Chi si organizza le vacanze lo fa, il
ragionamento sul senso del viaggio? No, certo, perché gli hanno fottuto il
tempo. La sottrazione del tempo coinvolge ogni aspetto della vita. “L’ozio e il
negozio” dei latini si colloca perfettamente in questo quadro: tutte le cose in
cui bisognava pensare erano delegate all’“otium”, non al “negotium”. Seneca
dice che, se non fai un buon “otium”, ti va male il “negotium”: se non pensi le
cose giuste, mentre fai l’“otium” con calma, poi nel “negotium” ti prendi le
mazzate.In realtà c’è questo respiro, tra le cose che devi fare entro certi
schemi e le cose che devi fare fuori dagli schemi.
Se tu questo equilibrio lo
alteri, e fai tutto dentro gli schemi, la tua creatività è morta. Le nostre
energie sociali, la capacità di avere progetti, di scoprire cose, di scoprire
nuovi modi di vivere, sono zero. Diventiamo degli ottimi consumatori: alla
Coop, all’Esselunga. Da anni, altri ci fanno fare quello che vogliono loro, e
noi non ce ne preoccupiamo. Anche Sant’Agostino diceva “fa’ quel che vuoi”. La
gente lo fraintendeva, e pensava che fosse epicureo. Poi nella “Città di Dio”

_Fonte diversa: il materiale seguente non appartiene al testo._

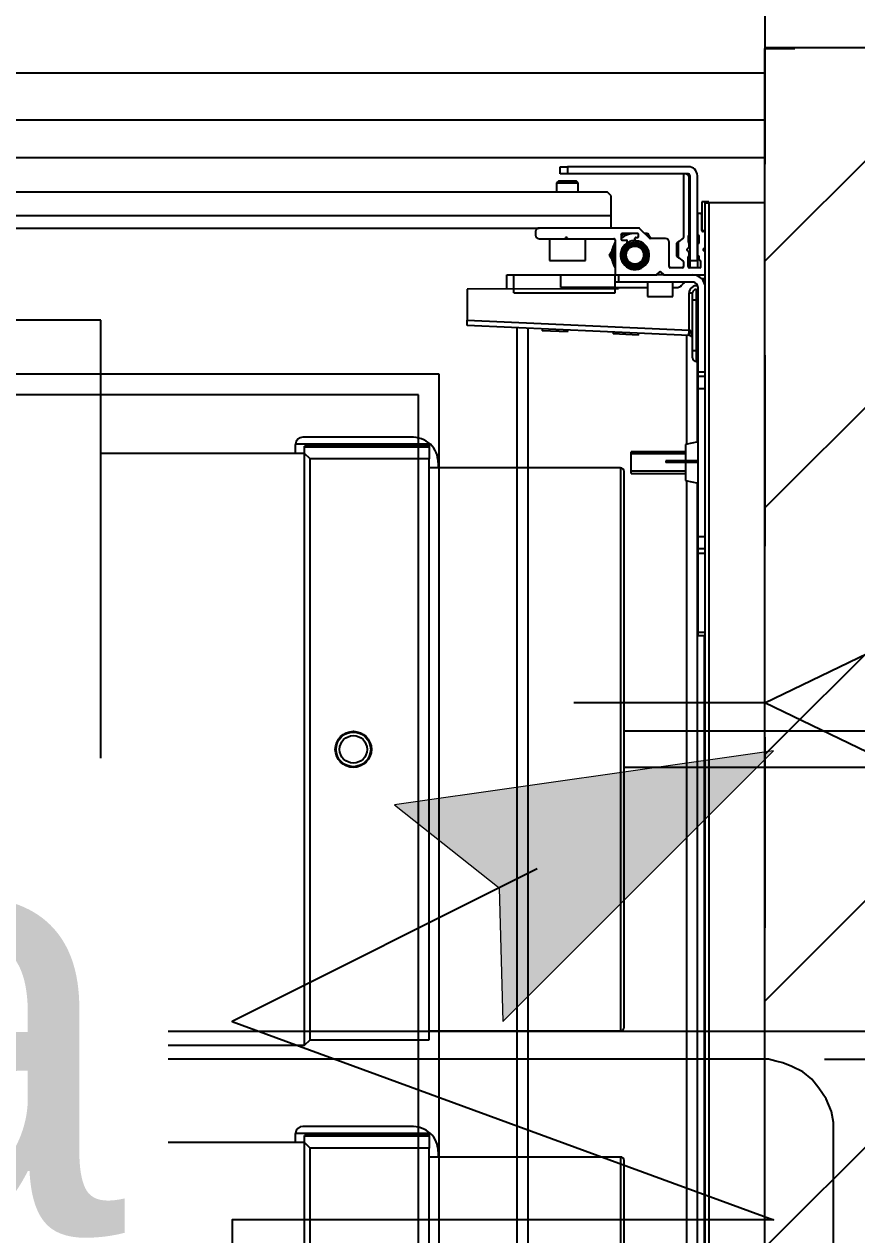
# Model space of a CAD drawing. Header units: centimetres. Extents: x 2191 to 12545, y -680 to 18662.
# Drawn here: x 9896.31 to 9919.37, y 4360.49 to 4394.05 of the extents above; entities that cross this region are included whole.
import ezdxf

# ---------------------------------------------------------------- set-up
doc = ezdxf.new("R2010")
doc.units = ezdxf.units.CM
doc.linetypes.add('Style de ligne -1', pattern=[0.41664, 0.20828, -0.20836])
doc.linetypes.add('VW-01', pattern=[0.41656, 0.20828, -0.20828])
for name, color, linetype in [('B Aménagement intérieur', 252, 'Continuous'), ('B Faux plafonds', 252, 'Continuous'), ('B Faux plafonds_Hatch', 252, 'Continuous'), ('B Général', 252, 'Continuous'), ('C ANNOTATIONS-prestations', 252, 'Continuous'), ('D SURFACES-shab', 252, 'Continuous'), ('F REMPLISSAGE-vert clair', 252, 'Continuous'), ('F REMPLISSAGE-vert foncé', 252, 'Continuous'), ('F REMPLISSAGE-vert hachurÈ_Hatch', 252, 'Continuous'), ('F REMPLISSAGE-vert hachuré', 252, 'Continuous'), ('MTI900_Alu', 252, 'Continuous'), ('prlm-CHAUFF', 4, 'Continuous'), ('prlm-VMC', 93, 'Continuous')]:
    doc.layers.add(name, color=color, linetype=linetype)
doc.layers.add('prlm-ELEC-CFO', color=1, linetype='Continuous', lineweight=25)
doc.styles.add('Eurostile', font='Eurosti.TTF')
doc.styles.add('prlm-elec-cfo', font='comic.ttf', dxfattribs={"height": 12})

# ---------------------------------------------------------------- blocks, each defined once
blk = doc.blocks.new('B 70.200_wc-2')
at = {"layer": 'B Général', "linetype": 'Continuous'}
for p, q in [((-24.9, 0.1), (24.9, 0.1)), ((25, -20.1), (25, 0))]:
    blk.add_line(p, q, dxfattribs=at)
at = {"layer": 'B Général', "linetype": 'Continuous', "flags": 128}
blk.add_lwpolyline([(-25, -20.1), (-24.9, -20.6), (-24.75, -20.9), (-24.55, -21.2), (-24.3, -21.45), (-23.9, -21.7), (-23.4, -21.85), (-23.15, -21.9), (23.25, -21.9), (23.55, -21.85), (23.9, -21.7), (24.2, -21.5), (24.45, -21.3), (24.65, -21.05), (24.8, -20.75), (24.9, -20.5), (24.95, -20.3), (25, -20.1)], dxfattribs=at)
at = {"layer": 'B Général', "linetype": 'Continuous'}
blk.add_arc((24.9, 0), 0.1, 0, 90, dxfattribs=at)
blk = doc.blocks.new('B 70.Groupe-2-1')
at = {"layer": 'B Général', "xscale": -1, "rotation": 270}
blk.add_blockref('B 70.200_wc-2', (35.5, 7.5), dxfattribs=at)
blk = doc.blocks.new('B 70.WC-plan-PMR')
at = {"layer": 'B Général', "linetype": 'Style de ligne -1', "ltscale": 25.4, "flags": 128}
blk.add_lwpolyline([(-114.5, 112.5), (15.5, 112.5), (15.5, 32.5), (-114.5, 32.5)], close=True, dxfattribs=at)
at = {"layer": 'B Général'}
blk.add_blockref('B 70.Groupe-2-1', (0, 0), dxfattribs=at)
blk = doc.blocks.new('B 70.VMC')
at = {"layer": 'B Général', "linetype": 'Style de ligne -1', "ltscale": 25.4}
blk.add_line((0, 10.771), (0, 17), dxfattribs=at)
at = {"layer": 'B Général', "linetype": 'Continuous', "flags": 128}
blk.add_lwpolyline([(0, 10.771), (-8.34, -6.522), (8.34, -6.522)], close=True, dxfattribs=at)
at = {"layer": 'C ANNOTATIONS-prestations', "insert": (-7.149, -7.39), "char_height": 4.706, "attachment_point": 1, "line_spacing_factor": 0.894142, "style": 'Eurostile'}
blk.add_mtext('VMC', dxfattribs=at)
blk = doc.blocks.new('B 70.T2 S307 (2D)')
at = {"layer": 'B Faux plafonds_Hatch', "linetype": 'Continuous'}
h = blk.add_hatch(dxfattribs=at)
h.set_pattern_fill('F_P__SOFFITE', color=256, style=0, pattern_type=2)
h.set_pattern_definition([(45, (0, 0.2205), (-3.52778, 3.30729), [])])
h.paths.add_polyline_path([(-126.258, -27.476), (-0.43, -27.476), (-0.43, -291.505), (-273.226, -291.525), (-273.226, -198.496), (-126.258, -198.476)])
at = {"layer": 'F REMPLISSAGE-vert hachurÈ_Hatch', "linetype": 'Continuous'}
h = blk.add_hatch(dxfattribs=at)
h.set_pattern_fill('90-0_5 HYDROFUGE_0_5', color=256, style=0, pattern_type=2)
h.set_pattern_definition([(90, (1e-16, -1.6667), (5, -5e-14), [])])
h.paths.add_polyline_path([(-273.226, -197.176), (-273.226, -198.476), (-131.258, -198.476), (-131.258, -197.176)])
at = {"layer": 'B Faux plafonds', "linetype": 'VW-01', "ltscale": 25.4, "flags": 128}
blk.add_lwpolyline([(-126.258, -27.476), (-0.43, -27.476), (-0.43, -291.505), (-273.226, -291.525), (-273.226, -198.496), (-126.258, -198.476)], close=True, dxfattribs=at)
at = {"layer": 'B Général', "linetype": 'Continuous'}
for p, q in [((-273.226, -198.476), (-131.258, -198.476)), ((-273.226, -198.476), (-273.226, -200.476)), ((-312.395, -200.476), (-273.226, -200.476))]:
    blk.add_line(p, q, dxfattribs=at)
at = {"layer": 'D SURFACES-shab', "lineweight": 18, "flags": 128}
blk.add_lwpolyline([(-273.226, -198.476), (-131.258, -198.476), (-131.258, -291.505), (-273.226, -291.505)], close=True, dxfattribs=at)
at = {"layer": 'F REMPLISSAGE-vert clair'}
blk.add_line((-313.695, -199.176), (-273.226, -199.176), dxfattribs=at)
at = {"layer": 'F REMPLISSAGE-vert foncé'}
blk.add_line((-313.695, -199.176), (-273.226, -199.176), dxfattribs=at)
at = {"layer": 'F REMPLISSAGE-vert foncé', "linetype": 'Continuous'}
blk.add_line((-312.395, -200.476), (-273.226, -200.476), dxfattribs=at)
at = {"layer": 'F REMPLISSAGE-vert hachuré', "linetype": 'Continuous'}
blk.add_line((-273.226, -198.476), (-131.258, -198.476), dxfattribs=at)
at = {"layer": 'B Général', "xscale": -1}
blk.add_blockref('B 70.WC-plan-PMR', (-257.726, -259.015), dxfattribs=at)
at = {"layer": 'B Général', "xscale": -1, "rotation": 90}
blk.add_blockref('B 70.VMC', (-262.456, -216.638), dxfattribs=at)
blk = doc.blocks.new('B 70.G 100_80')
at = {"layer": 'B Général', "linetype": 'Continuous'}
blk.add_line((48.52, 43.75), (48.52, -43.75), dxfattribs=at)
at = {"layer": 'B Général', "linetype": 'Continuous', "flags": 128}
blk.add_lwpolyline([(9.5, -45), (9.5, 45), (48.52, 45), (48.52, -45)], close=True, dxfattribs=at)
at = {"layer": 'C ANNOTATIONS-prestations'}
for p, q in [((46.87, 43.75), (46.87, -43.75)), ((46.97, -43.75), (46.97, 43.75)), ((46.35, -36.044), (46.35, 1.5)), ((46.65, 1.6), (46.65, -35.984)), ((46.85, 1.667), (46.85, -31.75)), ((41.65, -40.287), (41.65, 1.325)), ((41.95, -40.274), (41.95, 1.325)), ((46.67, -31.75), (46.67, -31.85)), ((46.87, -31.75), (46.67, -31.75)), ((46.67, -31.85), (46.67, -34.033)), ((46.67, -31.85), (46.87, -31.85)), ((46.87, -34.033), (46.67, -34.033)), ((46.67, -34.033), (46.67, -34.168)), ((46.67, -34.168), (46.67, -34.5)), ((46.67, -34.168), (46.87, -34.168)), ((46.67, -34.5), (46.67, -38.6)), ((46.67, -34.5), (46.87, -34.5)), ((46.32, -36.05), (46.67, -35.98)), ((46.32, -36.55), (46.32, -36.05)), ((44.82, -36.25), (44.82, -36.85)), ((44.82, -36.25), (46.32, -36.25)), ((46.32, -36.311), (44.82, -36.311)), ((45.911, -36.55), (45.775, -36.55)), ((45.775, -36.6), (45.775, -36.55)), ((46.67, -36.55), (45.911, -36.55)), ((45.911, -36.6), (45.911, -36.55)), ((46.32, -36.789), (44.82, -36.789)), ((46.32, -36.85), (44.82, -36.85)), ((45.911, -36.6), (45.775, -36.6)), ((46.67, -36.6), (45.911, -36.6)), ((46.32, -37.05), (46.32, -36.6)), ((46.67, -37.12), (46.32, -37.05)), ((46.35, -40.074), (46.35, -37.056)), ((46.65, -37.116), (46.65, -39.35)), ((46.67, -38.6), (46.67, -38.932)), ((46.67, -38.6), (46.87, -38.6)), ((46.67, -38.932), (46.67, -39.067)), ((46.87, -38.932), (46.67, -38.932)), ((46.67, -39.067), (46.67, -41.4)), ((46.67, -39.067), (46.87, -39.067)), ((46.52, -39.45), (46.52, -39.65)), ((46.67, -39.35), (46.62, -39.35)), ((46.62, -39.65), (46.62, -39.35)), ((46.52, -39.65), (46.52, -41.05)), ((46.62, -39.65), (46.52, -39.65)), ((46.62, -39.65), (46.67, -39.65)), ((46.62, -41.05), (46.62, -39.65)), ((46.413, -40.071), (40.27, -40.35)), ((40.27, -40.5), (46.42, -40.221)), ((43.056, -40.173), (42.354, -40.205)), ((42.357, -40.255), (42.354, -40.205)), ((43.056, -40.173), (43.058, -40.223)), ((45.018, -40.084), (44.316, -40.116)), ((44.319, -40.166), (44.316, -40.116)), ((45.018, -40.084), (45.02, -40.134)), ((46.425, -40.07), (46.413, -40.071)), ((46.413, -40.071), (46.42, -40.221)), ((46.42, -40.221), (46.425, -40.22)), ((46.42, -40.221), (46.42, -41.25)), ((40.27, -40.35), (40.27, -40.5)), ((40.27, -41.351), (40.27, -40.5)), ((41.57, -41.25), (44.37, -41.25)), ((41.57, -41.25), (41.57, -41.75)), ((44.37, -41.25), (44.37, -41.4)), ((45.27, -41.15), (45.97, -41.15)), ((45.27, -41.55), (45.27, -41.15)), ((45.97, -41.15), (45.97, -41.55)), ((46.42, -41.25), (46.52, -41.25)), ((46.52, -41.05), (46.52, -41.25)), ((46.62, -41.05), (46.52, -41.05)), ((46.67, -41.05), (46.62, -41.05)), ((46.62, -41.35), (46.62, -41.05)), ((44.47, -41.36), (40.27, -41.351)), ((41.37, -41.353), (41.37, -41.75)), ((42.87, -41.4), (42.87, -41.75)), ((44.37, -41.4), (42.87, -41.4)), ((44.37, -41.4), (44.37, -41.55)), ((44.37, -41.4), (45.27, -41.4)), ((44.37, -41.55), (44.37, -41.75)), ((44.47, -41.55), (44.37, -41.55)), ((44.472, -41.4), (44.47, -41.36)), ((46.52, -41.55), (44.47, -41.55)), ((44.47, -41.75), (44.47, -41.55)), ((45.97, -41.4), (46.067, -41.4)), ((46.62, -41.35), (46.67, -41.35)), ((41.37, -41.75), (41.57, -41.75)), ((41.57, -41.75), (42.87, -41.75)), ((42.87, -41.75), (44.37, -41.75)), ((44.37, -41.75), (44.4, -41.75)), ((44.37, -42.72), (44.37, -41.78)), ((44.4, -41.75), (45.508, -41.75)), ((45.732, -41.75), (45.508, -41.75)), ((45.529, -41.759), (45.599, -41.829)), ((45.641, -41.829), (45.711, -41.759)), ((45.732, -41.75), (46.84, -41.75)), ((46.765, -41.65), (46.87, -41.65)), ((46.84, -41.75), (46.87, -41.75)), ((42.55, -42.15), (43.55, -42.15)), ((42.55, -42.75), (42.55, -42.15)), ((43.55, -42.15), (43.55, -42.75)), ((44.278, -42.2), (44.22, -42.3)), ((45.114, -41.95), (44.726, -41.95)), ((45.87, -41.98), (45.87, -42.66)), ((46.24, -41.95), (45.9, -41.95)), ((46.07, -42.27), (46.09, -42.25)), ((46.07, -42.63), (46.07, -42.27)), ((46.09, -42.65), (46.09, -42.25)), ((46.09, -42.25), (46.12, -42.25)), ((46.12, -42.654), (46.12, -42.246)), ((46.133, -42.221), (46.257, -42.134)), ((46.27, -42.109), (46.27, -41.98)), ((46.4, -41.98), (46.4, -42.252)), ((46.4, -42.25), (46.45, -42.25)), ((46.72, -41.95), (46.43, -41.95)), ((46.45, -41.95), (46.45, -42.15)), ((46.45, -42.15), (46.45, -44.5)), ((46.45, -42.15), (46.65, -42.15)), ((46.65, -42.15), (46.65, -41.95)), ((46.65, -42.15), (46.65, -44.5)), ((46.661, -42.249), (46.7, -42.21)), ((46.661, -42.287), (46.661, -42.249)), ((46.7, -42.15), (46.7, -42.251)), ((46.72, -42.15), (46.7, -42.15)), ((46.75, -41.98), (46.75, -42.12)), ((44.22, -42.3), (44.278, -42.4)), ((46.07, -42.293), (46.12, -42.293)), ((46.07, -42.607), (46.12, -42.607)), ((46.371, -42.429), (46.411, -42.388)), ((46.411, -42.512), (46.371, -42.471)), ((46.4, -42.293), (46.45, -42.293)), ((46.4, -42.607), (46.45, -42.607)), ((46.42, -42.28), (46.42, -42.367)), ((46.42, -42.533), (46.42, -42.625)), ((46.65, -42.595), (46.65, -42.31)), ((46.821, -42.429), (46.87, -42.379)), ((46.87, -42.521), (46.821, -42.471)), ((46.835, -42.486), (46.835, -42.414)), ((42.17, -42.95), (42.17, -42.85)), ((42.27, -42.75), (42.958, -42.75)), ((42.958, -42.75), (43.082, -42.75)), ((42.979, -42.759), (42.999, -42.779)), ((43.041, -42.779), (43.061, -42.759)), ((43.082, -42.75), (44.34, -42.75)), ((44.54, -42.87), (44.54, -42.74)), ((44.54, -42.854), (44.566, -42.9)), ((44.57, -42.71), (44.68, -42.71)), ((44.99, -42.9), (44.57, -42.9)), ((44.71, -42.68), (44.71, -42.657)), ((44.92, -42.729), (44.92, -42.76)), ((44.95, -42.79), (44.99, -42.79)), ((45.02, -42.82), (45.02, -42.87)), ((45.321, -42.769), (45.049, -43.041)), ((45.184, -42.906), (45.27, -42.906)), ((45.27, -42.906), (45.328, -42.806)), ((45.77, -42.76), (45.342, -42.76)), ((46.09, -42.65), (46.07, -42.63)), ((46.12, -42.65), (46.09, -42.65)), ((46.257, -42.766), (46.133, -42.679)), ((46.27, -44.52), (46.27, -42.791)), ((46.45, -42.65), (46.4, -42.65)), ((46.4, -42.827), (46.4, -42.653)), ((46.42, -42.855), (46.42, -44.45)), ((46.65, -43.42), (46.65, -42.885)), ((46.661, -42.65), (46.661, -42.618)), ((46.7, -42.69), (46.661, -42.65)), ((46.7, -42.654), (46.7, -42.826)), ((15.5, -43.05), (42.27, -43.05)), ((45.028, -43.05), (42.27, -43.05)), ((44.25, -43.4), (44.25, -43.05)), ((46.77, -42.98), (46.77, -43.42)), ((46.77, -43.78), (46.77, -42.98)), ((46.77, -42.98), (46.87, -42.98)), ((46.84, -42.95), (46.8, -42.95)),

l’ha spiegato: “fa’ quello che vuoi” significa che devi fare quel che vuoi
veramente, non quello che ti spingono a fare. “Fa’ quel che vuoi” non significa
andare a cercare tutti i piaceri del mondo, perché potresti scoprire che non è
quel che vuoi, se ci pensi bene.
(Gianfranco Carpeoro)
Era anche quello che diceva Epicuro: «La
felicità è semplice, basta inseguire il piacere; però è quasi impossibile,
perché bisogna capire qual è il piacere».(Gianfranco Carpeoro, estratti della
conferenza “Il grande complotto: la sottrazione del tempo” tenutasi a Milano
nel giugno 2012, ripresa in video su YouTube. Massone, già gran maestro del
Rito Scozzese italiano, Carpeoro è stato avvocato e pubblicitario. Giornalista
e scrittore, allievo di Francesco Saba Sardi, è considerato uno dei massimi
studiosi di esoterismo e linguaggio simbolico).